And that's on me because whatever's committed in that meeting, we commit and we move forward, which then leads to the fourth tier, which is peer to peer accountability. And I think what's really lovely in peer to peer accountability is let's go back to that sports analogy. They're having peer to peer, that quarterback's not running over to coach and saying, hey coach, could you tell the blocker to block for me? They're like, hey office manager, could you tell that assistant to have that route slip handed better to me? No, we've given permission to play.
We're calling the play, if you will, like block for me. I can't get sacked. We're not going to win. If you don't bring up a route that fully filled in that's, that's hurting me and the patient, the patient didn't get the best experience and nobody wins. And on peer to peer accountability, if we don't have that, we don't have the permission to play within our team. And we don't have the trust where teammates can call each other out so we can win again in a way that's with love and empathy and curiosity and also making it to where the patient wins, the team member wins and the practice wins.
Kiera Dent (07:03.234)
That's what we're looking for. We want our patients to the best experience. And if we can't call each other out when a route slip is not handed off perfectly, or we don't have a perfect handoff, the patient didn't get the best experience because now they've left and we didn't get the correct information there. The treatment coordinator didn't get the best experience. They didn't win from that. The dental assistant or whomever dropped it off or the hygienist whomever dropped the patient off, they're not getting the best experience because they didn't even know it was a wrong handoff. And this is where we have that peer to peer accountability. And when you can get your practices to have peer to peer accountability,
your practice will flourish. And that's at the top of the triangle is winning. And in Patrick Lanziani's, it's the opposite and it's like inattention to results. And so this is the flip of how to have a winning model. And I just want to come on of like, if you can help your team realize trust and vulnerabilities where we should be spending 90 % of our time. So how can we build more trust within our teams? We can do trust exercises. We can be vulnerable. Trust exercises are not like I remember as a kid, my brother.

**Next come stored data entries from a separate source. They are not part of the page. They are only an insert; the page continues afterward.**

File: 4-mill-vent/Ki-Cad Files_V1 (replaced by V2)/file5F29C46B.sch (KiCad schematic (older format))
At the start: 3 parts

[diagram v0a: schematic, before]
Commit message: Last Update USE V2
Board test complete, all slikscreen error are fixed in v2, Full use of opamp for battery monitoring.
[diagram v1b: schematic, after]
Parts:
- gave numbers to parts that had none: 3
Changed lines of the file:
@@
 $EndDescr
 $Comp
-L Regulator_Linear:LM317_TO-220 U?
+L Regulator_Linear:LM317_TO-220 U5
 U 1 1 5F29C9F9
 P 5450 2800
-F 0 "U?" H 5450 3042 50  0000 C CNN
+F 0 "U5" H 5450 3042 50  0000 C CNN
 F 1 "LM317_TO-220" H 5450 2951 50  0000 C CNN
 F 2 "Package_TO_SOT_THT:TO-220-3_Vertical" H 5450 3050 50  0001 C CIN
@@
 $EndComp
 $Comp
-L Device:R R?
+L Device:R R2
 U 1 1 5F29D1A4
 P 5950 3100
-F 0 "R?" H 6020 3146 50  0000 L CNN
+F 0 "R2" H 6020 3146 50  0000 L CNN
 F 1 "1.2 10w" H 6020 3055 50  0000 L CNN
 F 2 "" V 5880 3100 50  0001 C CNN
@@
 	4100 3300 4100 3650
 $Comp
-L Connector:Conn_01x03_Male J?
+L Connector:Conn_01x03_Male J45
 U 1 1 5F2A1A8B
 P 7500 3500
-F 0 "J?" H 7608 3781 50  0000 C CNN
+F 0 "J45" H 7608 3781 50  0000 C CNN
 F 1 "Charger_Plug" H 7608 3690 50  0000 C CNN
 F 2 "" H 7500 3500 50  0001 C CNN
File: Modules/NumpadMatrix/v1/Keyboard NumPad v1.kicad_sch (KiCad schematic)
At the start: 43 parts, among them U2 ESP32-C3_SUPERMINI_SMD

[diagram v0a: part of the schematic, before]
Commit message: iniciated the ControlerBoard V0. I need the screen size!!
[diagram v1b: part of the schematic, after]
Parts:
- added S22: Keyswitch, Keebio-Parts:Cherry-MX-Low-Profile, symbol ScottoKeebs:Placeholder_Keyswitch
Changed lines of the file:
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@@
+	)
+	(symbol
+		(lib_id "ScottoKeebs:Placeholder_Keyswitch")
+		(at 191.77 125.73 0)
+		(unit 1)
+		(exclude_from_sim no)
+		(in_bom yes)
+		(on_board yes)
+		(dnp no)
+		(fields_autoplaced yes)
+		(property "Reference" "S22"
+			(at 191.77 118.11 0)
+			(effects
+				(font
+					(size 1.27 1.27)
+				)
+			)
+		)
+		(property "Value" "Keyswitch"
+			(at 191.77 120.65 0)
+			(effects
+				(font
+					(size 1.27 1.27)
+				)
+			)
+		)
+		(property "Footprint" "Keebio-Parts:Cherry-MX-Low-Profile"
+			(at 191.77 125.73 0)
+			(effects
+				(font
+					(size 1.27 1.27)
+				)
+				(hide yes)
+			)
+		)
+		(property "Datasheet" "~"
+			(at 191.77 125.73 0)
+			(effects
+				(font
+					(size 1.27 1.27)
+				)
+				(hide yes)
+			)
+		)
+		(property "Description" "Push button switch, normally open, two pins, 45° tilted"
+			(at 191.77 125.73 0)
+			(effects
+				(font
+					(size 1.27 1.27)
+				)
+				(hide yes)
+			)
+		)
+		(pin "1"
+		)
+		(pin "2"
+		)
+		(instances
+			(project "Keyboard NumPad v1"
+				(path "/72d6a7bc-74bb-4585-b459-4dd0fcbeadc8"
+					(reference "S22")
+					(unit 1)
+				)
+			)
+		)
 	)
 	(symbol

Remember the trust falls where it's like you have to trust that someone's behind you they're going to catch you? Like, yes, you could probably do that. But we're talking more trust of, can we say things? Maybe it's about being vulnerable with our lives of what we've gone through in our childhood. Like, hey, this is where I was born. This is the number of siblings I have in my family. And this is something I really struggled with in childhood. This is something that I really struggled with that made a big impact and a profound impact on me. And just thinking about, are there ways that we can actually get this to where
We're sharing and we're more open and the more vulnerable owners are here and the more they have trust in the more we actually call the things out of like, Hey, dental assistants, what's your perspective? I know that there's something there. The more we have permission to play, the more we have these trust conversations, the more we build trust amongst each other, the more we share things, the more we call each other out and say like, great job. was a great, that was a great blocker. That was a great handoff or Hey, I need this information from you. And we're not having the nitpicky, the
drama, the eye roll of like, my gosh, Keira just always wants a perfect handoff. Well, yeah, of course I do. That's our standard of winning. If I don't have a perfect handoff, how am supposed to have a perfect treatment plan for these patients and not to blame you? This is just the system that we have. So let's all work together. My job is to make sure I'm presenting perfect treatment plans. And I can't do that if I'm not getting perfect handoffs of the information that was said in the room. So all these little places are how you're able to build a winning team.
Kiera Dent (09:25.016)
And this is what I obsess about. And this is what I love helping offices have because we focus so much on the skills. So many people are like, here, I want the systems. And yes, I've got the systems. Come, we have it, whether it's on our virtual or in-person. Come, I've got the systems for you. I have operations manuals. I've got the systems of morning huddle and route slips and handoffs and case acceptance and trackers and phone call trackers. And like literally any system you probably have ever wanted, I have a system for it. But that's 20%. It's just like in football, they can have all the plays.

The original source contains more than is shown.